An international coalition of law enforcement agencies has resurrected the dark website of the notorious LockBit ransomware gang, which they took down earlier this year, teasing new revelations about the group.
On Sunday, what was once LockBit’s official darknet site resurfaced online with new posts suggesting that authorities plan to release new information about the hackers in the next 24 hours, as of this writing.
The posts have titles like “Who is LockBitSupp?”, “What we’ve learned,” “More LB hackers exposed,” and “What did we do?”
In February, a law enforcement coalition that included the UK’s National Crime Agency, the US Federal Bureau of Investigation, as well as forces from Germany, Finland, France, Japan and others announced that they had infiltrated the official website of LockBit. The coalition took over the site and replaced information about it with its own press release and other information, in a clear attempt to troll and warn hackers that authorities are watching them.
The February operation also included the arrests of two alleged LockBit members in Ukraine and Poland, the takedown of 34 servers across Europe, the UK and the US, and the seizure of more than 200 cryptocurrency wallets belonging to the hackers.
The NCA and the FBI did not immediately respond to a request for comment.
LockBit first appeared in 2019 and has since become one of the most prolific ransomware gangs in the world, netting millions of dollars in ransom payments. The team has proven to be very resilient. Even after the February takedown, the group resurfaced with a new dark web leak site that has been actively updated with new alleged victims.
All but one of the new posts on the seized site have a countdown that ends at 9am. eastern time on Tuesday, May 7, suggesting that’s when law enforcement will announce the new actions against LockBit. Another post says the site will be shut down in four days.
Since authorities announced what they called “Operation Cronos” against LockBit in February, the group’s leader, known as LockBitSupp he argued in an interview that law enforcement has exaggerated its access to the criminal organization as well as the effect of its eradication.
On Sunday, the hacking collective vx-underground wrote to X that they had spoken to LockBit management staff who had told them that the police were lying.
“I don’t understand why they are doing this little show.
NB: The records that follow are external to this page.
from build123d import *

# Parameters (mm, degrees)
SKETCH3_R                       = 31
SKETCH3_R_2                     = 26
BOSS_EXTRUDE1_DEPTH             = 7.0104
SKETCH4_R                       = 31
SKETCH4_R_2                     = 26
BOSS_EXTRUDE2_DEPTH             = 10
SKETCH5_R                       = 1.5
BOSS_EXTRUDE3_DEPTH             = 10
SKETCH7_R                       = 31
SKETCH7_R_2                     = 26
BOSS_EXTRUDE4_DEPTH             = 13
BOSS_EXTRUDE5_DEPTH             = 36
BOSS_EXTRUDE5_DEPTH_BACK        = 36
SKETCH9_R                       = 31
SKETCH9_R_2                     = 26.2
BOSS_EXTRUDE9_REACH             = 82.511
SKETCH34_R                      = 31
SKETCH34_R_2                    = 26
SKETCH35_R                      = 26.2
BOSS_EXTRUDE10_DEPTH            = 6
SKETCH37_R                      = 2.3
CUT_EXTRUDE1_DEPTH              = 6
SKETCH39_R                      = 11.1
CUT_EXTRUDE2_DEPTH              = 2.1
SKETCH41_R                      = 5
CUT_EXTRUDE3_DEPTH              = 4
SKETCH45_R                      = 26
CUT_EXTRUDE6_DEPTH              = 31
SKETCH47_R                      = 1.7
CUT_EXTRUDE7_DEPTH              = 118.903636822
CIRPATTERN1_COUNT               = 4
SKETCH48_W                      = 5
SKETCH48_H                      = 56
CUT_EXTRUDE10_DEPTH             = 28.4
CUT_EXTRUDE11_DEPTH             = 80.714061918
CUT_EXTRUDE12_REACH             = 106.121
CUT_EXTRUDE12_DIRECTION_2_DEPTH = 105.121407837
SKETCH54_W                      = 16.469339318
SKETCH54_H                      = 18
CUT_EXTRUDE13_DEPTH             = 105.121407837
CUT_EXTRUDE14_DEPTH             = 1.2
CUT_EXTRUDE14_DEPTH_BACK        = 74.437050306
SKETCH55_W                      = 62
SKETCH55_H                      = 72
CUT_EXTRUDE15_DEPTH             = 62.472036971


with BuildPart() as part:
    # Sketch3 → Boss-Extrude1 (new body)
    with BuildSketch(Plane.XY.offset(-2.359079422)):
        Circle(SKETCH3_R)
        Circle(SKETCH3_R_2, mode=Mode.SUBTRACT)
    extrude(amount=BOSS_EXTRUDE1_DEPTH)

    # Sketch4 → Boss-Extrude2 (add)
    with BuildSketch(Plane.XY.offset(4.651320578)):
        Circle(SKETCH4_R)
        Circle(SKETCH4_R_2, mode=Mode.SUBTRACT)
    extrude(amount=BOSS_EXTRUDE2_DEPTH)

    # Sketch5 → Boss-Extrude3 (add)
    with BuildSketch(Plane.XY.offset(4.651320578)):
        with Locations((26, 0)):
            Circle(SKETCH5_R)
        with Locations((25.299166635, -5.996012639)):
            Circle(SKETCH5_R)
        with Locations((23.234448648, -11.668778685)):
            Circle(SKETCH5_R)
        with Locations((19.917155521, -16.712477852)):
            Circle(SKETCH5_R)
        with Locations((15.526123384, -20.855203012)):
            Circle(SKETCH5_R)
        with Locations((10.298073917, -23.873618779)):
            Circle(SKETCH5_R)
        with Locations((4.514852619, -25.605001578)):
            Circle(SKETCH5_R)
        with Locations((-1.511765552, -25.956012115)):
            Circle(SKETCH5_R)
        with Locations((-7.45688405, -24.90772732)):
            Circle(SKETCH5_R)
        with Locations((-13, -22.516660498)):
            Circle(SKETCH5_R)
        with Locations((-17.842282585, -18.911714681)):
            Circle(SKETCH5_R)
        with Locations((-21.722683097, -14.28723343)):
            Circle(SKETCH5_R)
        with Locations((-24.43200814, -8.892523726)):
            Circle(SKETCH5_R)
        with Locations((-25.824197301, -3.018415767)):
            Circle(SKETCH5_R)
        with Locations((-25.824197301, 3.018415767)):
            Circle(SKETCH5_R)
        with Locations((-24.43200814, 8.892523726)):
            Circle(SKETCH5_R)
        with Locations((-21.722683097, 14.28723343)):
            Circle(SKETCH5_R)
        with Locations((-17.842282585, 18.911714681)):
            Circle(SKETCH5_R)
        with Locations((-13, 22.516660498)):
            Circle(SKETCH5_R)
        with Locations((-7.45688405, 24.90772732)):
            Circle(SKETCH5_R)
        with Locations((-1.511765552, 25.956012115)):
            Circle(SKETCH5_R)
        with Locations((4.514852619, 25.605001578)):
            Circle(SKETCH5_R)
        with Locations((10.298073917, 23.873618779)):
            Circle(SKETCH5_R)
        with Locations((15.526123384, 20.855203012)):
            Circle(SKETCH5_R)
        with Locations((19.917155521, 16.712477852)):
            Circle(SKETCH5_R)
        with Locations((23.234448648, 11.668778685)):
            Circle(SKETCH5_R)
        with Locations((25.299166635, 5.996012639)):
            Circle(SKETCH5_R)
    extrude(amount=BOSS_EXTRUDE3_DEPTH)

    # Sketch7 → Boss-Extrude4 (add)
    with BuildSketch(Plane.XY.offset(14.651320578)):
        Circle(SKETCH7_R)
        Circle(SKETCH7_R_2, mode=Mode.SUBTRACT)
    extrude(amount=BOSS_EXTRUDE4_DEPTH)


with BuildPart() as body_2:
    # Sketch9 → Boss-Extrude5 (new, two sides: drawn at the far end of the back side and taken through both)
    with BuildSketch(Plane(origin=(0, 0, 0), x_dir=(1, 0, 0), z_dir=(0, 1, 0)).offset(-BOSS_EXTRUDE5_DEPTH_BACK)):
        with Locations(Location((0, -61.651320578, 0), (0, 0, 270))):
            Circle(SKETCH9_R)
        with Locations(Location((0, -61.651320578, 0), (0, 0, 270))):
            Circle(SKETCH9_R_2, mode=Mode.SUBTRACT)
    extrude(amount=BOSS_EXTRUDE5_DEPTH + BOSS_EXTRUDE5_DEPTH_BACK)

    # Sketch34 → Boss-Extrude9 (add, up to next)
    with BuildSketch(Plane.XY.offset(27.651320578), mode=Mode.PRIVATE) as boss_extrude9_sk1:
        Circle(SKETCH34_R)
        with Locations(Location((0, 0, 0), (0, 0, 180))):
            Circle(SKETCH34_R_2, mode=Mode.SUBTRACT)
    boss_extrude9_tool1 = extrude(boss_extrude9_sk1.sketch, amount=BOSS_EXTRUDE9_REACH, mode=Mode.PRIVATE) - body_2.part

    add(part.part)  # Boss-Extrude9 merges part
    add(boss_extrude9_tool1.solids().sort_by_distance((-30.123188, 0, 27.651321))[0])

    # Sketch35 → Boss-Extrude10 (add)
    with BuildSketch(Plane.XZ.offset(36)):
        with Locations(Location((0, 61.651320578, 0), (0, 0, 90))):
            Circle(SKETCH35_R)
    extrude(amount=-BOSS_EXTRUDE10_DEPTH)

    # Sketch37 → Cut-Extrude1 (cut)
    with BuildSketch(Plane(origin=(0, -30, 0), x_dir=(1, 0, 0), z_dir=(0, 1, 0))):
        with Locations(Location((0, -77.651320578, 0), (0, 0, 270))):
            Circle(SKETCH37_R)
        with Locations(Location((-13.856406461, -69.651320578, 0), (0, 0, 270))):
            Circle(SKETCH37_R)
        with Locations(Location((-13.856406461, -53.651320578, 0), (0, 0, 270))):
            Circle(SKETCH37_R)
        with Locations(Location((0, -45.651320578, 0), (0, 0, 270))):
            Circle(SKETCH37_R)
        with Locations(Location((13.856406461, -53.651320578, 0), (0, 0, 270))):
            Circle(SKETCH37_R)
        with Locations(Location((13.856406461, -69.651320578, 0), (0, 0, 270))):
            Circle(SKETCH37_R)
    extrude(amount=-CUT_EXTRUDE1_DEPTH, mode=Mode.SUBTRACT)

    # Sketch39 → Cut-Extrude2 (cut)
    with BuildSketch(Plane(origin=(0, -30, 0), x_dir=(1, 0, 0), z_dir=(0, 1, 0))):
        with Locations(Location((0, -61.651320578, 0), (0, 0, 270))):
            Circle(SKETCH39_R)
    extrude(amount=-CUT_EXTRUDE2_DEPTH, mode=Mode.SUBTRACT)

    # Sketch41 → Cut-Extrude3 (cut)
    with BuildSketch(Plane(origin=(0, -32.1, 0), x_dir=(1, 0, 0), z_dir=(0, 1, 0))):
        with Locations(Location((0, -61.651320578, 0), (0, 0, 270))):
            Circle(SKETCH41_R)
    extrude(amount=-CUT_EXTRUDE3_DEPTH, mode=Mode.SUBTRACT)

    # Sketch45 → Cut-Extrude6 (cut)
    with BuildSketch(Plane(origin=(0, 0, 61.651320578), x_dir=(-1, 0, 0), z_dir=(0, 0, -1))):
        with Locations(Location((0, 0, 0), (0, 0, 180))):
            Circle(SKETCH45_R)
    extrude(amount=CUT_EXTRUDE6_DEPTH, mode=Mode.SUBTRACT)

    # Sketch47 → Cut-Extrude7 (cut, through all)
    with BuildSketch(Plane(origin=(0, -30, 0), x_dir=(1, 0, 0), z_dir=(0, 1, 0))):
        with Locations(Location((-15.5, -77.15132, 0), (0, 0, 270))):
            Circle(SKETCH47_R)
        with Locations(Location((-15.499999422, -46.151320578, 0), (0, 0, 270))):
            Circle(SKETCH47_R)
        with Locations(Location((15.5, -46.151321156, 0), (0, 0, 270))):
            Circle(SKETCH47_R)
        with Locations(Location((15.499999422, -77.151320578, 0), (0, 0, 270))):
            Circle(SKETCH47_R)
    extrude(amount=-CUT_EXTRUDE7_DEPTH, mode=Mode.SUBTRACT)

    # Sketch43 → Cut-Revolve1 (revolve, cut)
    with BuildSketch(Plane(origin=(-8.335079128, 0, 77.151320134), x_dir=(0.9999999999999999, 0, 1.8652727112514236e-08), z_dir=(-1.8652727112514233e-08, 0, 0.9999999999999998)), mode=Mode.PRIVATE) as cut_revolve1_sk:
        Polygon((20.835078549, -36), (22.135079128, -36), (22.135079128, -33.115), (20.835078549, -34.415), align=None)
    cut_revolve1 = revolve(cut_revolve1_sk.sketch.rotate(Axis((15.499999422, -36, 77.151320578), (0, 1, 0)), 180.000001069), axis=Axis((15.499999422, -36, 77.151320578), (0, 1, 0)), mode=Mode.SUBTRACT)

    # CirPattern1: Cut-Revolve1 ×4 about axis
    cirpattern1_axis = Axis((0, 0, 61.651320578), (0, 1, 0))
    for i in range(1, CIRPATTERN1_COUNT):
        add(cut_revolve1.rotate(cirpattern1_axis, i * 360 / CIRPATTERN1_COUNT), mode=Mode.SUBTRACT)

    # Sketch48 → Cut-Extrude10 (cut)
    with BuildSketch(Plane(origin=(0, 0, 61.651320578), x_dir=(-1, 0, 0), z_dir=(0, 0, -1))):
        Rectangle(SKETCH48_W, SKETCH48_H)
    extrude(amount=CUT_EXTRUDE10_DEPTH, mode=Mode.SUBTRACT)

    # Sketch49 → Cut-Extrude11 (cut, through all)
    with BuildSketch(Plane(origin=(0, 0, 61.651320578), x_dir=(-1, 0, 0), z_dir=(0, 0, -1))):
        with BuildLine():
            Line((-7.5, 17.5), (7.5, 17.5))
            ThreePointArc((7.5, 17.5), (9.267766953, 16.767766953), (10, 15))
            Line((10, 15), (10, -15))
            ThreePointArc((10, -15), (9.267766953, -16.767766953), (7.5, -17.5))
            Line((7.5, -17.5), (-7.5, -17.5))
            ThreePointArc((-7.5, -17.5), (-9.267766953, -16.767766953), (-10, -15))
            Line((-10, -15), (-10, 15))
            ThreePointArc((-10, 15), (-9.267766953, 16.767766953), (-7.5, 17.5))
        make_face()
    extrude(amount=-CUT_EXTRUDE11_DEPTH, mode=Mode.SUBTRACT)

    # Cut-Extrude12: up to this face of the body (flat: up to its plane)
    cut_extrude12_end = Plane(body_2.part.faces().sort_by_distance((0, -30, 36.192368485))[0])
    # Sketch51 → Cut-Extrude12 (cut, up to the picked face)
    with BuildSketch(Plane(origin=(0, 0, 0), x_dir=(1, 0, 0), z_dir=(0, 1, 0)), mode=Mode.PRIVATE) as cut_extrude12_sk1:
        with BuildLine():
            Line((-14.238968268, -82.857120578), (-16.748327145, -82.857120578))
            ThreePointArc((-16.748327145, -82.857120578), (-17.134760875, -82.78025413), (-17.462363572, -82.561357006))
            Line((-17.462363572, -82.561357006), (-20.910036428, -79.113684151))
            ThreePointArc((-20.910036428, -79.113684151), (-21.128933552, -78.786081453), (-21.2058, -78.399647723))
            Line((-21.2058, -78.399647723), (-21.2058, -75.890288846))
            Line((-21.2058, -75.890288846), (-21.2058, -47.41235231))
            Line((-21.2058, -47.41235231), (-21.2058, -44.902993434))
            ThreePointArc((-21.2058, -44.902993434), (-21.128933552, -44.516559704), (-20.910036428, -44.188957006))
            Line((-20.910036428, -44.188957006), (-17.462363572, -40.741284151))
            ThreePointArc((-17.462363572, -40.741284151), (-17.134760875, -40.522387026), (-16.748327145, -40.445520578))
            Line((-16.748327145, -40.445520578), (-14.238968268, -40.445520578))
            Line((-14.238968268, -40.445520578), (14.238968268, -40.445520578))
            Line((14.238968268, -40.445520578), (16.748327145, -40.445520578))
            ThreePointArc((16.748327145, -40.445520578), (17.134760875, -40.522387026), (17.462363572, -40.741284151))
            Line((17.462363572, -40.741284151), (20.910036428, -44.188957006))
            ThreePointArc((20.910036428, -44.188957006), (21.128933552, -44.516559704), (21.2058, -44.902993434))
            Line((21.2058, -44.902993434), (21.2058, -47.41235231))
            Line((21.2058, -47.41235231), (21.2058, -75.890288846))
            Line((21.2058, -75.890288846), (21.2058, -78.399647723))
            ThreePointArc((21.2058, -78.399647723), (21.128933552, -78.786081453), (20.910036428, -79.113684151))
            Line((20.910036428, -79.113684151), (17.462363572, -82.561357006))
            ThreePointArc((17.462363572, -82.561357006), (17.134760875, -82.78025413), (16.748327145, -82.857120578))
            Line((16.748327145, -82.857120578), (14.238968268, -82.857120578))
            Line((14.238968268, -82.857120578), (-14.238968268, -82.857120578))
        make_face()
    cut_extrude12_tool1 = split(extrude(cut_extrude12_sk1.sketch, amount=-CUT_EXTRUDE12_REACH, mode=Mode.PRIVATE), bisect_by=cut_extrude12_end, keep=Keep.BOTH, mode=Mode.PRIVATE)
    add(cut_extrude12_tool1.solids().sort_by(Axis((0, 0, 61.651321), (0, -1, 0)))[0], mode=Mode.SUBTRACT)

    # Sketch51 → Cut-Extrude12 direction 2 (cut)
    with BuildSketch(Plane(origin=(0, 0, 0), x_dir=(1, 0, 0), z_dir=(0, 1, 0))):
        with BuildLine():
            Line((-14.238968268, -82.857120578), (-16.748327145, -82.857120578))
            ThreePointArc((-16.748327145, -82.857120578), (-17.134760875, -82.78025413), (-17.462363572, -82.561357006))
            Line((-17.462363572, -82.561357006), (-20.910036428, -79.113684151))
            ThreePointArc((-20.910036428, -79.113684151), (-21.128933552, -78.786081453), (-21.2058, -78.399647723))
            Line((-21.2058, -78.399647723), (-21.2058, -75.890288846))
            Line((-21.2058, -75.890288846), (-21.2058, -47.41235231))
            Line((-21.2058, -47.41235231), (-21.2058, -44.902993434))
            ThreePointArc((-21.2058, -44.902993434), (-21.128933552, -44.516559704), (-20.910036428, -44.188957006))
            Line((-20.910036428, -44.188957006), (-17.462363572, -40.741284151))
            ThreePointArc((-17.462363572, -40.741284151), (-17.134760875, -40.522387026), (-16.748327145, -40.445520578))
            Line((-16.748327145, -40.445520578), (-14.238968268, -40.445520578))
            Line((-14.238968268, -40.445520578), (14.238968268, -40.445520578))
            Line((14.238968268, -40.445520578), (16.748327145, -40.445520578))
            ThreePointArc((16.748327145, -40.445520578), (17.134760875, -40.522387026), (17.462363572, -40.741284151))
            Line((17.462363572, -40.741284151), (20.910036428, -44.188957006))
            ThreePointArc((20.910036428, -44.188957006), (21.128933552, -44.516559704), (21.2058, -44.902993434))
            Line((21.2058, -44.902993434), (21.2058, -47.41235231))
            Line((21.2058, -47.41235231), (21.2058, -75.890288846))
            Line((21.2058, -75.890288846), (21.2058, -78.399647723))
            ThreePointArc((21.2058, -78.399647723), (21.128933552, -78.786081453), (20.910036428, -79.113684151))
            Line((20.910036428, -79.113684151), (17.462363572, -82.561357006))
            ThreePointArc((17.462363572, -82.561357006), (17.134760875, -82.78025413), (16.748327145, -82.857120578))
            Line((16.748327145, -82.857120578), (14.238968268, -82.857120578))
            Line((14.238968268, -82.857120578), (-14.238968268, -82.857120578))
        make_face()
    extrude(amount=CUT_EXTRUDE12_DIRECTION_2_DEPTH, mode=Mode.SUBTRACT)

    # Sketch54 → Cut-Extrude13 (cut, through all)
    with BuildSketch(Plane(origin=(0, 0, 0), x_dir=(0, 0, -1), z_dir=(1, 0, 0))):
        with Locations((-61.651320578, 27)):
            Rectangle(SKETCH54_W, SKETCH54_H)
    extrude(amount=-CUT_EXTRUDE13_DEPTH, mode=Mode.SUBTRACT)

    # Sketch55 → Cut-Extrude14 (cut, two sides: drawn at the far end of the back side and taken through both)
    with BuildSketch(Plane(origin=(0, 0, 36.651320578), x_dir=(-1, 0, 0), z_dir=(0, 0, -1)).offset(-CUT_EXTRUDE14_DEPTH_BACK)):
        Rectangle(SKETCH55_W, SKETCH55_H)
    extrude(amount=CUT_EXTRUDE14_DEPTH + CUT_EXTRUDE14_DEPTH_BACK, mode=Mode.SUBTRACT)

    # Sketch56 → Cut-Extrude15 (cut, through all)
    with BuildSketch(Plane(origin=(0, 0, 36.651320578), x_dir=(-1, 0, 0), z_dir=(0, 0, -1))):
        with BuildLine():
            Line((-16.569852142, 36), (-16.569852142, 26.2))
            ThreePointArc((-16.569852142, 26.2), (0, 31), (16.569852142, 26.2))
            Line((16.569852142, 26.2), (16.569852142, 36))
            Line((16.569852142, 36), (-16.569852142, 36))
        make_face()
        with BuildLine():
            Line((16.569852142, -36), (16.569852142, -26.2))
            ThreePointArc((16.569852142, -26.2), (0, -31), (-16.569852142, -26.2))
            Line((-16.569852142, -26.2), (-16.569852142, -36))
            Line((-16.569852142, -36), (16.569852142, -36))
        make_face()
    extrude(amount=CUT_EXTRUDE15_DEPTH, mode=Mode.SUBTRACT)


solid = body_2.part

They are clearly upset that we are still working,” the staff said, according to vx-underground.
The identity of LockBitSupp is still unknown, although that could change soon. One of the new posts on the seized website LockBit promises to reveal the identity of the hacker on Tuesday. It should be noted, however, that the previous version of the seized site also seemed to promise to reveal the identity of the gang leader, but ultimately failed to do so.